Improper Neutralization of Special Elements in Data Query Logic
The product generates a query intended to access or manipulate data in a data store such as a database, but it does not neutralize or incorrectly neutralizes special elements that can modify the intended logic of the query.
Description
Depending on the capabilities of the query language, an attacker could inject additional logic into the query to:
Modify the intended selection criteria, thus changing which data entities (e.g., records) are returned, modified, or otherwise manipulated
Append additional commands to the query
Return more entities than intended
Return fewer entities than intended
Cause entities to be sorted in an unexpected way
The ability to execute additional commands or change which entities are returned has obvious risks. But when the product logic depends on the order or number of entities, this can also lead to vulnerabilities. For example, if the query expects to return only one entity that specifies an administrative user, but an attacker can change which entities are returned, this could cause the logic to return information for a regular user and incorrectly assume that the user has administrative privileges.

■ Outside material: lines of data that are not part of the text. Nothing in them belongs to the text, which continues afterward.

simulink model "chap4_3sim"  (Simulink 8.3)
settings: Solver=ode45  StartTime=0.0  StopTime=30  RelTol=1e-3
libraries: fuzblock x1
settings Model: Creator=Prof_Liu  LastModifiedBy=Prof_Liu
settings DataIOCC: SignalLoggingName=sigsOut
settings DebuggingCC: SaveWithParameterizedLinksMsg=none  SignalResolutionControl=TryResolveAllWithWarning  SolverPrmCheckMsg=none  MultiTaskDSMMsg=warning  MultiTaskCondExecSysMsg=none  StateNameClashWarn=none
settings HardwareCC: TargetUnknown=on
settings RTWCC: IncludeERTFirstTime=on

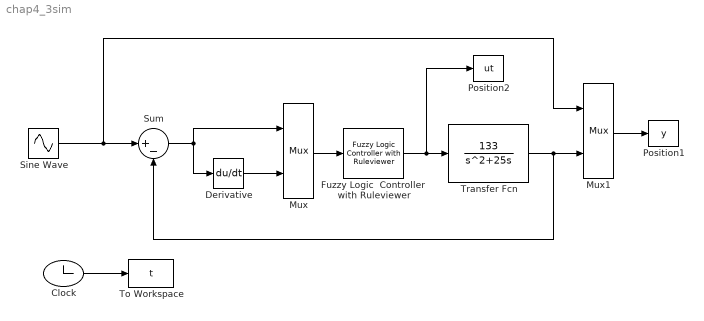
== system chap4_3sim ==
  Clock : Clock
  Derivative : Derivative
  Fuzzy Logic  Controller  with Ruleviewer : fuzblock/Fuzzy Logic  Controller  with Ruleviewer  fismatrix=a2  Ts=2
      link override Fuzzy Logic Controller: fis=a2
  Mux : Mux  Inputs=2
  Mux1 : Mux  Inputs=2
  Position1 : ToWorkspace  VariableName=y  SampleTime=-1
  Position2 : ToWorkspace  VariableName=ut  SampleTime=-1
  Sine Wave : Sin  SampleTime=0
  Sum : Sum  Inputs=|+-  SaturateOnIntegerOverflow=on  InputSameDT=on  OutDataTypeStr=Inherit: Same as first input
  To Workspace : ToWorkspace  VariableName=t  SampleTime=-1
  Transfer Fcn : TransferFcn  Numerator=[133]  Denominator=[1 25 0]
  wires:
  Mux/1 -> Fuzzy Logic  Controller  with Ruleviewer/1
  Derivative/1 -> Mux/2
  Sum/1 -> Mux/1, Derivative/1
  Sine Wave/1 -> Mux1/1, Sum/1
  Mux1/1 -> Position1/1
  Transfer Fcn/1 -> Mux1/2, Sum/2
  Fuzzy Logic  Controller  with Ruleviewer/1 -> Position2/1, Transfer Fcn/1
  Clock/1 -> To Workspace/1

While this weakness is most commonly associated with SQL injection, there are many other query languages that are also subject to injection attacks, including HTSQL, LDAP, DQL, XQuery, Xpath, and "NoSQL" languages.
Demonstrations
The following examples help to illustrate the nature of this weakness and describe methods or techniques which can be used to mitigate the risk.
Note that the examples here are by no means exhaustive and any given weakness may have many subtle varieties, each of which may require different detection methods or runtime controls.
Example One
The following code dynamically constructs and executes a SQL query that searches for items matching a specified name. The query restricts the items displayed to those where owner matches the user name of the currently-authenticated user.
...
string userName = ctx.getAuthenticatedUserName();
string query = "SELECT * FROM items WHERE owner = '" + userName + "' AND itemname = '" + ItemName.Text + "'";
sda = new SqlDataAdapter(query, conn);
DataTable dt = new DataTable();
sda.Fill(dt);
...The query that this code intends to execute follows:
SELECT * FROM items WHERE owner = <userName> AND itemname = <itemName>;However, because the query is constructed dynamically by concatenating a constant base query string and a user input string, the query only behaves correctly if itemName does not contain a single-quote character. If an attacker with the user name wiley enters the string:
name' OR 'a'='afor itemName, then the query becomes the following:
SELECT * FROM items WHERE owner = 'wiley' AND itemname = 'name' OR 'a'='a';The addition of the:
OR 'a'='acondition causes the WHERE clause to always evaluate to true, so the query becomes logically equivalent to the much simpler query:
SELECT * FROM items;This simplification of the query allows the attacker to bypass the requirement that the query only return items owned by the authenticated user; the query now returns all entries stored in the items table, regardless of their specified owner.
Example Two
The code below constructs an LDAP query using user input address data:
context = new InitialDirContext(env);
String searchFilter = "StreetAddress=" + address;
NamingEnumeration answer = context.search(searchBase, searchFilter, searchCtls);Because the code fails to neutralize the address string used to construct the query, an attacker can supply an address that includes additional LDAP queries.
Example Three
Consider the following simple XML document that stores authentication information and a snippet of Java code that uses XPath query to retrieve authentication information:
<users>
<user>
<login>john</login>
<password>abracadabra</password>
<home_dir>/home/john</home_dir>
</user>
<user>
<login>cbc</login>
<password>1mgr8</password>
<home_dir>/home/cbc</home_dir>
</user>
</users>The Java code used to retrieve the home directory based on the provided credentials is:
XPath xpath = XPathFactory.newInstance().newXPath();
XPathExpression xlogin = xpath.compile("//users/user[login/text()='" + login.getUserName() + "' and password/text() = '" + login.getPassword() + "']/home_dir/text()");
Document d = DocumentBuilderFactory.newInstance().newDocumentBuilder().parse(new File("db.xml"));
String homedir = xlogin.evaluate(d);Assume that user "john" wishes to leverage XPath Injection and login without a valid password. By providing a username "john" and password "' or ''='" the XPath expression now becomes
//users/user[login/text()='john' or ''='' and password/text() = '' or ''='']/home_dir/text()This lets user "john" login without a valid password, thus bypassing authentication.
See Also
Weaknesses in this category are related to injection.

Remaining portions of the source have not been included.